The Burch colposuspension is an operation to treat female urinary stress incontinence. At surgery the bladder outlet is resupported by 6 permanent sutures suspending the vagina from the pelvic side wall. This operation has previously been regarded as the gold standard in treating stress incontinence with a long-term success rate of 85%.
What is done during the Procedure
A small transverse incision is made in the lower abdomen ( below the pubic hairline). Before the bladder outlet can be safely elevated the bladder needs to be reflected from the vagina. Three permanent sutures are then placed on each side of the bladder neck elevating the vagina to strong ligaments under the pubic bone. This results in the bladder outlet being elevated to its normal position as shown. At the end of your surgery a cystoscopy will be performed to ensure no damage is done to the lower urinary tract.
Surgery will be covered with antibiotics to decrease the risk of infection and blood-thinning agents will be used to decrease the risk of clots forming in the postoperative phase.
Serious complications are rare with this type of surgery. However, no surgery is without risk and the main potential complications are listed below.
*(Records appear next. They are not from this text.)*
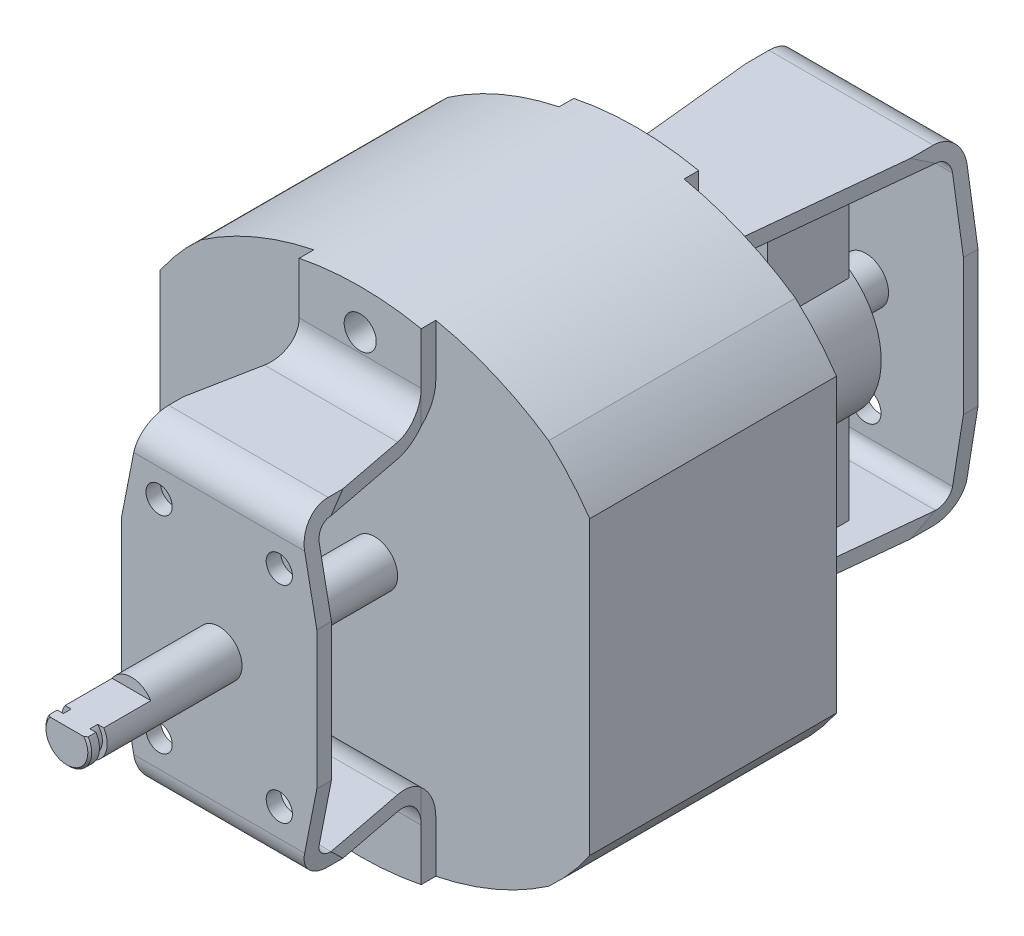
ISO-10303-21;
HEADER;
FILE_DESCRIPTION(('STEP AP214'),'2;1');
FILE_NAME('part.step','',(''),(''),'','','');
FILE_SCHEMA(('AUTOMOTIVE_DESIGN { 1 0 10303 214 1 1 1 1 }'));
ENDSEC;
DATA;
#1=APPLICATION_CONTEXT('core data for automotive mechanical design processes');
#2=APPLICATION_PROTOCOL_DEFINITION('international standard','automotive_design',2000,#1);
#3=PRODUCT_CONTEXT('',#1,'mechanical');
#4=PRODUCT('Part','Part','',(#3));
#5=PRODUCT_RELATED_PRODUCT_CATEGORY('part','',(#4));
#6=PRODUCT_DEFINITION_FORMATION('','',#4);
#7=PRODUCT_DEFINITION_CONTEXT('part definition',#1,'design');
#8=PRODUCT_DEFINITION('design','',#6,#7);
#9=PRODUCT_DEFINITION_SHAPE('','',#8);
#10=(LENGTH_UNIT() NAMED_UNIT(*) SI_UNIT(.MILLI.,.METRE.));
#11=(NAMED_UNIT(*) PLANE_ANGLE_UNIT() SI_UNIT($,.RADIAN.));
#12=(NAMED_UNIT(*) SI_UNIT($,.STERADIAN.) SOLID_ANGLE_UNIT());
#13=UNCERTAINTY_MEASURE_WITH_UNIT(LENGTH_MEASURE(1.E-05),#10,'distance_accuracy_value','');
#14=(GEOMETRIC_REPRESENTATION_CONTEXT(3) GLOBAL_UNCERTAINTY_ASSIGNED_CONTEXT((#13)) GLOBAL_UNIT_ASSIGNED_CONTEXT((#10,
#11,#12)) REPRESENTATION_CONTEXT('',''));
#15=CARTESIAN_POINT('',(0.,0.,0.));
#16=DIRECTION('',(0.,0.,1.));
#17=DIRECTION('',(1.,0.,0.));
#18=AXIS2_PLACEMENT_3D('',#15,#16,#17);
#19=CARTESIAN_POINT('',(0.,0.,25.38));
#20=DIRECTION('',(0.,0.,1.));
#21=DIRECTION('',(1.,0.,0.));
#22=AXIS2_PLACEMENT_3D('',#19,#20,#21);
#23=PLANE('',#22);
#24=CARTESIAN_POINT('',(0.,6.224455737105,25.38));
#25=DIRECTION('',(0.,0.,1.));
#26=DIRECTION('',(1.,0.,0.));
#27=AXIS2_PLACEMENT_3D('',#24,#25,#26);
#28=CIRCLE('',#27,31.6101347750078);
#29=CARTESIAN_POINT('',(17.8771350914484,-19.8448492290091,25.38));
#30=VERTEX_POINT('',#29);
#31=CARTESIAN_POINT('',(6.275,-24.7565867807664,25.38));
#32=VERTEX_POINT('',#31);
#33=EDGE_CURVE('E45',#30,#32,#28,.F.);
#34=ORIENTED_EDGE('',*,*,#33,.F.);
#35=CARTESIAN_POINT('',(0.,0.,25.38));
#36=DIRECTION('',(0.,0.,1.));
#37=DIRECTION('',(1.,0.,0.));
#38=AXIS2_PLACEMENT_3D('',#35,#36,#37);
#39=CIRCLE('',#38,26.7097360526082);
#40=CARTESIAN_POINT('',(22.1,-15.,25.38));
#41=VERTEX_POINT('',#40);
#42=EDGE_CURVE('E122',#30,#41,#39,.T.);
#43=ORIENTED_EDGE('',*,*,#42,.T.);
#44=DIRECTION('',(0.,1.,0.));
#45=VECTOR('',#44,1.);
#46=CARTESIAN_POINT('',(22.1,-15.,25.38));
#47=LINE('',#46,#45);
#48=CARTESIAN_POINT('',(22.1,15.,25.38));
#49=VERTEX_POINT('',#48);
#50=EDGE_CURVE('E118',#41,#49,#47,.T.);
#51=ORIENTED_EDGE('',*,*,#50,.T.);
#52=CARTESIAN_POINT('',(0.,0.,25.38));
#53=DIRECTION('',(0.,0.,1.));
#54=DIRECTION('',(1.,0.,0.));
#55=AXIS2_PLACEMENT_3D('',#52,#53,#54);
#56=CIRCLE('',#55,26.7097360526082);
#57=CARTESIAN_POINT('',(17.8771350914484,19.8448492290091,25.38));
#58=VERTEX_POINT('',#57);
#59=EDGE_CURVE('E121',#49,#58,#56,.T.);
#60=ORIENTED_EDGE('',*,*,#59,.T.);
#61=CARTESIAN_POINT('',(0.,-6.224455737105,25.38));
#62=DIRECTION('',(0.,0.,1.));
#63=DIRECTION('',(1.,0.,0.));
#64=AXIS2_PLACEMENT_3D('',#61,#62,#63);
#65=CIRCLE('',#64,31.6101347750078);
#66=CARTESIAN_POINT('',(6.275,24.7565867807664,25.38));
#67=VERTEX_POINT('',#66);
#68=EDGE_CURVE('E1246',#58,#67,#65,.T.);
#69=ORIENTED_EDGE('',*,*,#68,.T.);
#70=DIRECTION('',(0.,-1.,0.));
#71=VECTOR('',#70,1.);
#72=CARTESIAN_POINT('',(6.275,25.95,25.38));
#73=LINE('',#72,#71);
#74=CARTESIAN_POINT('',(6.27500000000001,19.45,25.38));
#75=VERTEX_POINT('',#74);
#76=EDGE_CURVE('E1130',#67,#75,#73,.T.);
#77=ORIENTED_EDGE('',*,*,#76,.T.);
#78=DIRECTION('',(-1.,0.,0.));
#79=VECTOR('',#78,1.);
#80=CARTESIAN_POINT('',(22.1,19.45,25.38));
#81=LINE('',#80,#79);
#82=CARTESIAN_POINT('',(-6.27499999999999,19.45,25.38));
#83=VERTEX_POINT('',#82);
#84=EDGE_CURVE('E1126',#75,#83,#81,.T.);
#85=ORIENTED_EDGE('',*,*,#84,.T.);
#86=DIRECTION('',(0.,-1.,0.));
#87=VECTOR('',#86,1.);
#88=CARTESIAN_POINT('',(-6.275,25.95,25.38));
#89=LINE('',#88,#87);
#90=CARTESIAN_POINT('',(-6.275,24.7565867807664,25.38));
#91=VERTEX_POINT('',#90);
#92=EDGE_CURVE('E1184',#91,#83,#89,.T.);
#93=ORIENTED_EDGE('',*,*,#92,.F.);
#94=CARTESIAN_POINT('',(-17.8771350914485,19.8448492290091,25.38));
#95=VERTEX_POINT('',#94);
#96=EDGE_CURVE('E1129',#91,#95,#65,.T.);
#97=ORIENTED_EDGE('',*,*,#96,.T.);
#98=CARTESIAN_POINT('',(0.,0.,25.38));
#99=DIRECTION('',(0.,0.,1.));
#100=DIRECTION('',(1.,0.,0.));
#101=AXIS2_PLACEMENT_3D('',#98,#99,#100);
#102=CIRCLE('',#101,26.7097360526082);
#103=CARTESIAN_POINT('',(-22.1,15.,25.38));
#104=VERTEX_POINT('',#103);
#105=EDGE_CURVE('E114',#95,#104,#102,.T.);
#106=ORIENTED_EDGE('',*,*,#105,.T.);
#107=DIRECTION('',(0.,-1.,0.));
#108=VECTOR('',#107,1.);
#109=CARTESIAN_POINT('',(-22.1,15.,25.38));
#110=LINE('',#109,#108);
#111=CARTESIAN_POINT('',(-22.1,-15.,25.38));
#112=VERTEX_POINT('',#111);
#113=EDGE_CURVE('E108',#104,#112,#110,.T.);
#114=ORIENTED_EDGE('',*,*,#113,.T.);
#115=CARTESIAN_POINT('',(0.,0.,25.38));
#116=DIRECTION('',(0.,0.,1.));
#117=DIRECTION('',(1.,0.,0.));
#118=AXIS2_PLACEMENT_3D('',#115,#116,#117);
#119=CIRCLE('',#118,26.7097360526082);
#120=CARTESIAN_POINT('',(-17.8771350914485,-19.8448492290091,25.38));
#121=VERTEX_POINT('',#120);
#122=EDGE_CURVE('E98',#112,#121,#119,.T.);
#123=ORIENTED_EDGE('',*,*,#122,.T.);
#124=CARTESIAN_POINT('',(-6.275,-24.7565867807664,25.38));
#125=VERTEX_POINT('',#124);
#126=EDGE_CURVE('E12',#125,#121,#28,.F.);
#127=ORIENTED_EDGE('',*,*,#126,.F.);
#128=DIRECTION('',(0.,1.,0.));
#129=VECTOR('',#128,1.);
#130=CARTESIAN_POINT('',(-6.275,-25.95,25.38));
#131=LINE('',#130,#129);
#132=CARTESIAN_POINT('',(-6.27499999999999,-19.45,25.38));
#133=VERTEX_POINT('',#132);
#134=EDGE_CURVE('E110',#125,#133,#131,.T.);
#135=ORIENTED_EDGE('',*,*,#134,.T.);
#136=DIRECTION('',(-1.,0.,0.));
#137=VECTOR('',#136,1.);
#138=CARTESIAN_POINT('',(22.1,-19.45,25.38));
#139=LINE('',#138,#137);
#140=CARTESIAN_POINT('',(6.27500000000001,-19.45,25.38));
#141=VERTEX_POINT('',#140);
#142=EDGE_CURVE('E1140',#141,#133,#139,.T.);
#143=ORIENTED_EDGE('',*,*,#142,.F.);
#144=DIRECTION('',(0.,1.,0.));
#145=VECTOR('',#144,1.);
#146=CARTESIAN_POINT('',(6.275,-25.95,25.38));
#147=LINE('',#146,#145);
#148=EDGE_CURVE('E632',#32,#141,#147,.T.);
#149=ORIENTED_EDGE('',*,*,#148,.F.);
#150=EDGE_LOOP('',(#34,#43,#51,#60,#69,#77,#85,#93,#97,#106,#114,#123,#127,#135,#143,#149));
#151=FACE_BOUND('',#150,.T.);
#152=CARTESIAN_POINT('',(0.,0.,25.38));
#153=DIRECTION('',(0.,0.,1.));
#154=DIRECTION('',(1.,0.,0.));
#155=AXIS2_PLACEMENT_3D('',#152,#153,#154);
#156=CIRCLE('',#155,2.35);
#157=CARTESIAN_POINT('',(2.35,0.,25.38));
#158=VERTEX_POINT('',#157);
#159=EDGE_CURVE('E112',#158,#158,#156,.F.);
#160=ORIENTED_EDGE('',*,*,#159,.T.);
#161=EDGE_LOOP('',(#160));
#162=FACE_BOUND('',#161,.T.);
#163=ADVANCED_FACE('F33',(#151,#162),#23,.T.);
#164=CARTESIAN_POINT('',(-6.275,-25.95,26.88));
#165=DIRECTION('',(0.,0.,-1.));
#166=DIRECTION('',(-1.,0.,0.));
#167=AXIS2_PLACEMENT_3D('',#164,#165,#166);
#168=PLANE('',#167);
#169=CARTESIAN_POINT('',(0.,-21.3,26.88));
#170=DIRECTION('',(0.,0.,-1.));
#171=DIRECTION('',(-1.,0.,0.));
#172=AXIS2_PLACEMENT_3D('',#169,#170,#171);
#173=CIRCLE('',#172,1.65);
#174=CARTESIAN_POINT('',(-1.65,-21.3,26.88));
#175=VERTEX_POINT('',#174);
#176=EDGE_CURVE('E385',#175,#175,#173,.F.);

- Failure to correct stress incontinence 10%
- Developing urinary urgency or urge incontinence after the operation in 5%
- Urinary tract infections and wound infections in 5%
- Difficulty emptying the bladder that necessitates prolonged catheter use or self catheterisation (<1%)
- Blood loss requiring transfusion < 1%
- Clotting in the legs or lungs <1%.
- Damage to the bladder or lower urinary tract <1% patients.
- The development of new vaginal prolapse after the operation in 10% of patients.
- Long-term pubic pain < 1%.
You can expect a 3-4 day hospitalisation. After the operation you will have an I.V. drip in your arm for several days and a small catheter will drain your bladder for 2-3 days. In the early postoperative period the nurses will check that you are emptying your bladder appropriately.
In the early postoperative period you should avoid situations where excessive pressure is placed on the repair ie lifting, straining, coughing and constipation. Maximal fibrosis around the repair occurs at 3 months and care needs to be taken during this time. If you develop urinary burning, frequency or urgency you may have a bladder infection and your local medical officer should be contacted. You will see Dr Maher at 6 weeks and sexual activity can usually be safely resumed at this time. You can return to work at approximately 3-6 weeks, depending on the amount of strain that will be placed on the repair at your work and on how you feel.
Avoiding heavy lifting, weight gain and smoking can minimize failure of the procedure in the longterm. If you have any questions about this information, you should speak to Dr. Maher before your operation.